In fact, the fictional martial arts practiced by the duo in the game is called Sousetsuken or 'Twin Interception Fist', which is described as a combination of Kung Fu, Karate and Tai Chi (sounds legit). The name is derived from Bruce Lee's own martial arts style Jeet Kune Do. Even the Lee brother’s themselves, along with William and Rowper, were named after the three main heroes from the 1973 classic, 'Enter the Dragon'.
While the title was a masterpiece of the time, video games always contain bugs, and DD was no exception. The most famous of these bugs has to do with the way enemies attack the player. Sportingly, enemies will not attack when the player’s back is turned, but will instead walk up to them and try to move past so they can get at the player from the front. Thus, by standing with your back to a bad guy, it was possible to simply lie in wait and take them down when they get close, without the need to worry about being attacked (And that, kids, is how the idea for Michael Jackson's "Moonwalker" Arcade game was born...)
Being an arcade mainstay, points were always an important part of the Double Dragon experience.
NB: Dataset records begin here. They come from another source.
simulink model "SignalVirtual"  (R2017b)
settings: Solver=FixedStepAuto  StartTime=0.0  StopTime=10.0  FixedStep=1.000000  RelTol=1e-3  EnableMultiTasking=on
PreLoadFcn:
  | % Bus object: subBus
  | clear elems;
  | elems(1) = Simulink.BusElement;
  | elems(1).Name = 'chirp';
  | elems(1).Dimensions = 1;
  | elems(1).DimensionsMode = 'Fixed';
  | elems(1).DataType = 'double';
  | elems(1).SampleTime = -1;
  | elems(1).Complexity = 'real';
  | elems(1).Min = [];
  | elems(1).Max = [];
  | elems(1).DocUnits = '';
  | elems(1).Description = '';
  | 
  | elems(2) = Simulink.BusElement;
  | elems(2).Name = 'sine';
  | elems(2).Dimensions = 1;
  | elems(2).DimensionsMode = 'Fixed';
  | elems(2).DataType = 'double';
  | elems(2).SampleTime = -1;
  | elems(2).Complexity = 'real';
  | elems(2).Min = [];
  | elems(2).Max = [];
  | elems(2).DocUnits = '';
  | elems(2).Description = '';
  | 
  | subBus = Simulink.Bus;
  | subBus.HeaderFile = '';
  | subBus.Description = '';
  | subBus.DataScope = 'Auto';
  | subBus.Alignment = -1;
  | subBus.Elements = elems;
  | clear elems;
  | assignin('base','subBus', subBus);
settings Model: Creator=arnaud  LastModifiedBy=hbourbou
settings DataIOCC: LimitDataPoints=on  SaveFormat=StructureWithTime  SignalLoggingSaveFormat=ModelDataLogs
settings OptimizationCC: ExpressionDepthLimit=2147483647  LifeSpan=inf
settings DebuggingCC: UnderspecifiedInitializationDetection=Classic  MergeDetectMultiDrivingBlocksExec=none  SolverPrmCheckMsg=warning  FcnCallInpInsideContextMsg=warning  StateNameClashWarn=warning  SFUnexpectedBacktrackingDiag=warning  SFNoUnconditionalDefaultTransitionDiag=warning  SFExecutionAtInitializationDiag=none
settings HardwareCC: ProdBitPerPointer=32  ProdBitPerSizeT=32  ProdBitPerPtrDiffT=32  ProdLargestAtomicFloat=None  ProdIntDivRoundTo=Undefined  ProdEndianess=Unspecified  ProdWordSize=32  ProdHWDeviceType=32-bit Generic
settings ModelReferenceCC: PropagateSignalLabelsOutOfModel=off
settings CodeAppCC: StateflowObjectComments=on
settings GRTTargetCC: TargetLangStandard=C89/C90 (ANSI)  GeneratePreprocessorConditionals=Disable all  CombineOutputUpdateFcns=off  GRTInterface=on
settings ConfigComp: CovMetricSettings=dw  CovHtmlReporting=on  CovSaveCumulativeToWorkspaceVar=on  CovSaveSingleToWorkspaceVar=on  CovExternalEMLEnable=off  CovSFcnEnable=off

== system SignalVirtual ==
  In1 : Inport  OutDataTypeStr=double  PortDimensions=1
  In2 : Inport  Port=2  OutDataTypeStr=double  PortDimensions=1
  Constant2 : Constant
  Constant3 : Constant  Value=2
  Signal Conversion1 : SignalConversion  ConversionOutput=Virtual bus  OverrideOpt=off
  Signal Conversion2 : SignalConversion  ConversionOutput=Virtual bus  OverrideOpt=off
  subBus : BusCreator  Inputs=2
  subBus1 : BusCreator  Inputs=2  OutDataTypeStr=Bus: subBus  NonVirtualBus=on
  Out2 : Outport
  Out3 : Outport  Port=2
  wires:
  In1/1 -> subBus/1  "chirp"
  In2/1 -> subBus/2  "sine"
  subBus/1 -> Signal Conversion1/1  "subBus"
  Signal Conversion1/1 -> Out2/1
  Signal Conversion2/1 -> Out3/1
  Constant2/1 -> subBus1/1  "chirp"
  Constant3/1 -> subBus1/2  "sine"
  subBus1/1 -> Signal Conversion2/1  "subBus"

While everyone is under the impression that the world record is held by the aptly named Jimmy from the infallible video game movie, The Wizard, the true master of Double Dragon is Jason Wilson, who currently holds the official points record for this game with a 171,210 total he put up on July 24, 1999.
The quest for more points was just one of the factors that made the game was such a huge hit in the arcades of America and Japan, and when the home versions finally came out, the rear side of the package advertised, 'You'll never have to stand in line to play Double Dragon again!' Advertising the fact that the game was so popular that it became "inconvenient" was a strange but true testament to the game’s glorious run in the late eighties.
All in all, Double Dragon would eventually become the prime inspiration for an entirely new genre, with classics such as Final Fight and Streets of Fury owing a huge debt of gratitude to the Technos legend.